To illustrate further here is another example from an Arabic website about cosmetic surgery. The website contains a page about different types of plastic surgery procedures which has a URL that appears in your browser as follows:

https://tajmeeli.com/عمليات-التجميل/

That said, when you copy the URL from your browser and paste it somewhere other than the browser bar you get the following string of characters.

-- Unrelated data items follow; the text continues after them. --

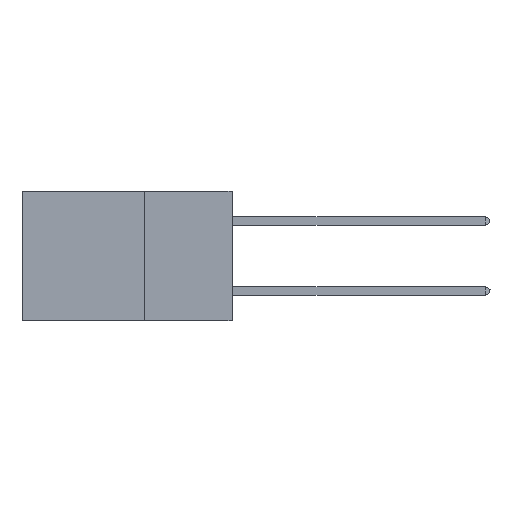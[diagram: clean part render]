
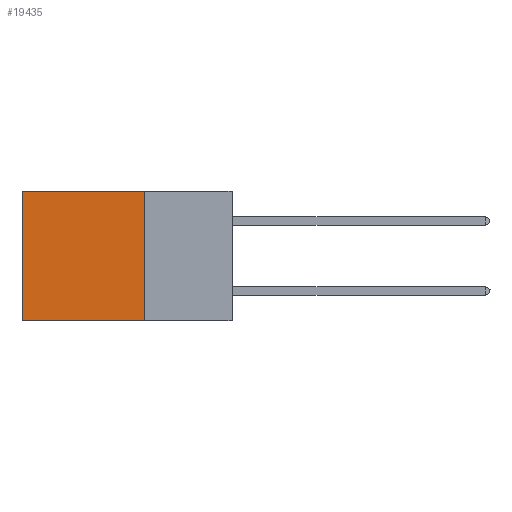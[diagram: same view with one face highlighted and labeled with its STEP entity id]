
A CAD part, left-side view. The second image highlights one B-rep face of the part: STEP entity #19435.
In plain terms, the highlighted planar face has unit normal (-1, 0, 0).
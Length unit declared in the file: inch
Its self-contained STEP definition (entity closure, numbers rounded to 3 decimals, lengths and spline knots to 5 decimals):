
#2521 = CARTESIAN_POINT ( 'NONE',  ( 0.2875, 0.25, 0. ) ) ;
#2706 = VECTOR ( 'NONE', #22540, 39.37008 ) ;
#3329 = VERTEX_POINT ( 'NONE', #23103 ) ;
#4050 = ORIENTED_EDGE ( 'NONE', *, *, #7668, .T. ) ;
#6035 = LINE ( 'NONE', #25310, #22897 ) ;
#6041 = AXIS2_PLACEMENT_3D ( 'NONE', #20374, #20655, #13487 ) ;
#7231 = PLANE ( 'NONE',  #6041 ) ;
#7668 = EDGE_CURVE ( 'NONE', #23735, #24037, #21639, .T. ) ;
#8204 = CARTESIAN_POINT ( 'NONE',  ( 0.2875, 0.25, 0. ) ) ;
#8489 = CARTESIAN_POINT ( 'NONE',  ( 0.2875, 0.6, 0. ) ) ;
#9632 = DIRECTION ( 'NONE',  ( 0., 1., 0. ) ) ;
#11786 = LINE ( 'NONE', #22225, #19764 ) ;
#12260 = ORIENTED_EDGE ( 'NONE', *, *, #15520, .T. ) ;
#12372 = ORIENTED_EDGE ( 'NONE', *, *, #20189, .F. ) ;
#12480 = DIRECTION ( 'NONE',  ( 0., 0., -1. ) ) ;
#12946 = VERTEX_POINT ( 'NONE', #8204 ) ;
#13487 = DIRECTION ( 'NONE',  ( 0., 0., -1. ) ) ;
#13960 = VECTOR ( 'NONE', #12480, 39.37008 ) ;
#14454 = DIRECTION ( 'NONE',  ( 0., 0., -1. ) ) ;
#15520 = EDGE_CURVE ( 'NONE', #12946, #23735, #22684, .T. ) ;
#18486 = FACE_OUTER_BOUND ( 'NONE', #24275, .T. ) ;
#19435 = ADVANCED_FACE ( 'NONE', ( #18486 ), #7231, .F. ) ;
#19764 = VECTOR ( 'NONE', #9632, 39.37008 ) ;
#20189 = EDGE_CURVE ( 'NONE', #3329, #24037, #11786, .T. ) ;
#20374 = CARTESIAN_POINT ( 'NONE',  ( 0.2875, 0.25, 0. ) ) ;
#20655 = DIRECTION ( 'NONE',  ( 1., 0., 0. ) ) ;
#21639 = LINE ( 'NONE', #8489, #13960 ) ;
#22225 = CARTESIAN_POINT ( 'NONE',  ( 0.2875, 0.25, -0.37 ) ) ;
#22540 = DIRECTION ( 'NONE',  ( 0., 1., 0. ) ) ;
#22684 = LINE ( 'NONE', #2521, #2706 ) ;
#22897 = VECTOR ( 'NONE', #14454, 39.37008 ) ;
#23103 = CARTESIAN_POINT ( 'NONE',  ( 0.2875, 0.25, -0.37 ) ) ;
#23295 = CARTESIAN_POINT ( 'NONE',  ( 0.2875, 0.6, -0.37 ) ) ;
#23497 = EDGE_CURVE ( 'NONE', #12946, #3329, #6035, .T. ) ;
#23735 = VERTEX_POINT ( 'NONE', #24154 ) ;
#24037 = VERTEX_POINT ( 'NONE', #23295 ) ;
#24154 = CARTESIAN_POINT ( 'NONE',  ( 0.2875, 0.6, 0. ) ) ;
#24275 = EDGE_LOOP ( 'NONE', ( #4050, #12372, #26226, #12260 ) ) ;
#25310 = CARTESIAN_POINT ( 'NONE',  ( 0.2875, 0.25, 0. ) ) ;
#26226 = ORIENTED_EDGE ( 'NONE', *, *, #23497, .F. ) ;
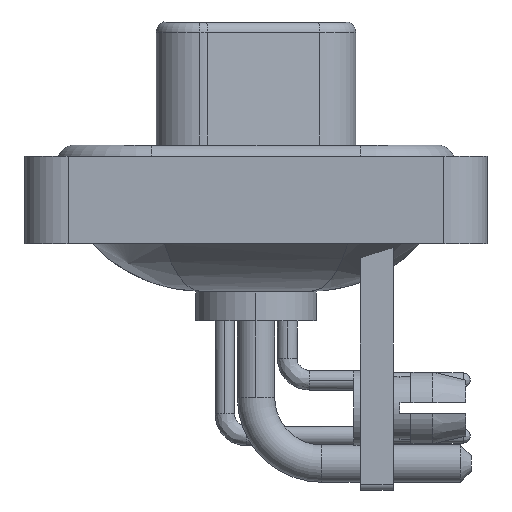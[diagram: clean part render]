
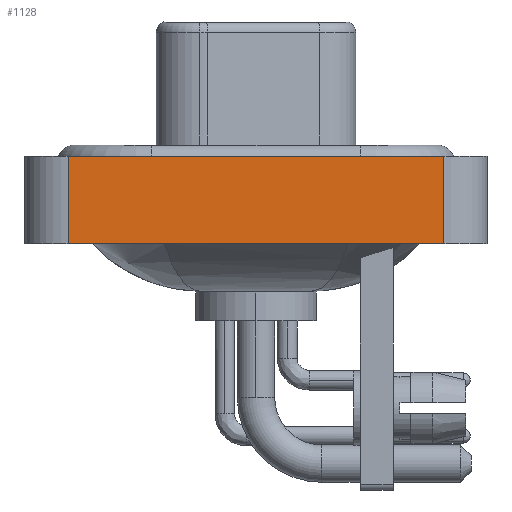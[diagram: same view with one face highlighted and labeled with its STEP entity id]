
A CAD part, left-side view. The second image highlights one B-rep face of the part: STEP entity #1128.
In plain terms, the highlighted planar face has unit normal (-1, 0, 0).
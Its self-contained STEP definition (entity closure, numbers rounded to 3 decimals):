
#1128 = ADVANCED_FACE ( 'NONE', ( #11209 ), #13248, .T. ) ;
#1898 = CARTESIAN_POINT ( 'NONE',  ( -7.3, -8.55, -3.6 ) ) ;
#1907 = DIRECTION ( 'NONE',  ( 0., -1., 0. ) ) ;
#2004 = LINE ( 'NONE', #8308, #26849 ) ;
#3120 = CARTESIAN_POINT ( 'NONE',  ( -7.3, 8.55, -3.6 ) ) ;
#3679 = VERTEX_POINT ( 'NONE', #11744 ) ;
#3937 = DIRECTION ( 'NONE',  ( 0., 0., 1. ) ) ;
#4136 = EDGE_CURVE ( 'NONE', #19035, #3679, #15676, .T. ) ;
#4199 = ORIENTED_EDGE ( 'NONE', *, *, #4136, .F. ) ;
#5425 = VERTEX_POINT ( 'NONE', #26223 ) ;
#7392 = VECTOR ( 'NONE', #19734, 1000. ) ;
#8188 = AXIS2_PLACEMENT_3D ( 'NONE', #15443, #19654, #15731 ) ;
#8308 = CARTESIAN_POINT ( 'NONE',  ( -7.3, -8.55, 0.4 ) ) ;
#8679 = VECTOR ( 'NONE', #16753, 1000. ) ;
#10782 = ORIENTED_EDGE ( 'NONE', *, *, #14921, .T. ) ;
#11209 = FACE_OUTER_BOUND ( 'NONE', #12817, .T. ) ;
#11744 = CARTESIAN_POINT ( 'NONE',  ( -7.3, 8.55, 0.4 ) ) ;
#12044 = EDGE_CURVE ( 'NONE', #19035, #5425, #12382, .T. ) ;
#12382 = LINE ( 'NONE', #1898, #8679 ) ;
#12817 = EDGE_LOOP ( 'NONE', ( #10782, #26274, #4199, #24567 ) ) ;
#13248 = PLANE ( 'NONE',  #8188 ) ;
#14921 = EDGE_CURVE ( 'NONE', #5425, #16706, #25153, .T. ) ;
#15443 = CARTESIAN_POINT ( 'NONE',  ( -7.3, -8.55, -3.6 ) ) ;
#15676 = LINE ( 'NONE', #3120, #7392 ) ;
#15731 = DIRECTION ( 'NONE',  ( 0., 0., 1. ) ) ;
#16704 = CARTESIAN_POINT ( 'NONE',  ( -7.3, -8.55, 0.4 ) ) ;
#16706 = VERTEX_POINT ( 'NONE', #16704 ) ;
#16753 = DIRECTION ( 'NONE',  ( 0., -1., 0. ) ) ;
#17656 = EDGE_CURVE ( 'NONE', #3679, #16706, #2004, .T. ) ;
#19035 = VERTEX_POINT ( 'NONE', #25343 ) ;
#19654 = DIRECTION ( 'NONE',  ( -1., 0., 0. ) ) ;
#19734 = DIRECTION ( 'NONE',  ( 0., 0., 1. ) ) ;
#22572 = CARTESIAN_POINT ( 'NONE',  ( -7.3, -8.55, -3.6 ) ) ;
#22669 = VECTOR ( 'NONE', #3937, 1000. ) ;
#24567 = ORIENTED_EDGE ( 'NONE', *, *, #12044, .T. ) ;
#25153 = LINE ( 'NONE', #22572, #22669 ) ;
#25343 = CARTESIAN_POINT ( 'NONE',  ( -7.3, 8.55, -3.6 ) ) ;
#26223 = CARTESIAN_POINT ( 'NONE',  ( -7.3, -8.55, -3.6 ) ) ;
#26274 = ORIENTED_EDGE ( 'NONE', *, *, #17656, .F. ) ;
#26849 = VECTOR ( 'NONE', #1907, 1000. ) ;

https://tajmeeli.com/%D8%B9%D9%85%D9%84%D9%8A%D8%A7%D8%AA-%D8%A7%D9%84%D8%AA%D8%AC%D9%85%D9%8A%D9%84/

 

%D8%B9 = ع

%D9%85 = م

%D9%84 = ل

%D9%8A = ي

%D8%A7 = ا

%D8%AA = ت

%D8%A7 = ا

%D9%84 = ل

%D8%AA = ت

%D8%AC = ج

%D9%85 = م

%D9%8A = ي

%D9%84 = ل

 

Below you can find a full list of all UTF-8 codes for Arabic characters so you can understand any encoded URI.

 

UTF-8 Arabic Character
D9AA ٪
D9AD ٭
D88C ،
D9A0 ٠
D9A1 ١
D9A2 ٢
D9A3 ٣
D9A4 ٤
D9A5 ٥
D9A6 ٦
D9A7 ٧
D9A8 ٨
D9A9 ٩
D89B ؛
D89F ؟
D8A1 ء
D8A2 آ
D8A3 أ
D8A4 ؤ
D8A5 إ
D8A6 ئ
D8A7 ا
D8A8 ب
D8A9 ة
D8AA ت
D8AB ث
D8AC ج
D8AD ح
D8AE خ
D8AF د
D8B0 ذ
D8B1 ر
D8B2 ز
D8B3 س
D8B4 ش
D8B5 ص
D8B6 ض
D8B7 ط
D8B8 ظ
D8B9 ع
D8BA غ
D980 ـ
D981 ف
D982 ق
D983 ك
D984 ل
D985 م
D986 ن
D987 ه
D988 و
D989 ى
D98A ي

 

We hope this article was helpful and please don’t hesitate to leave feedback if you have any additional insight.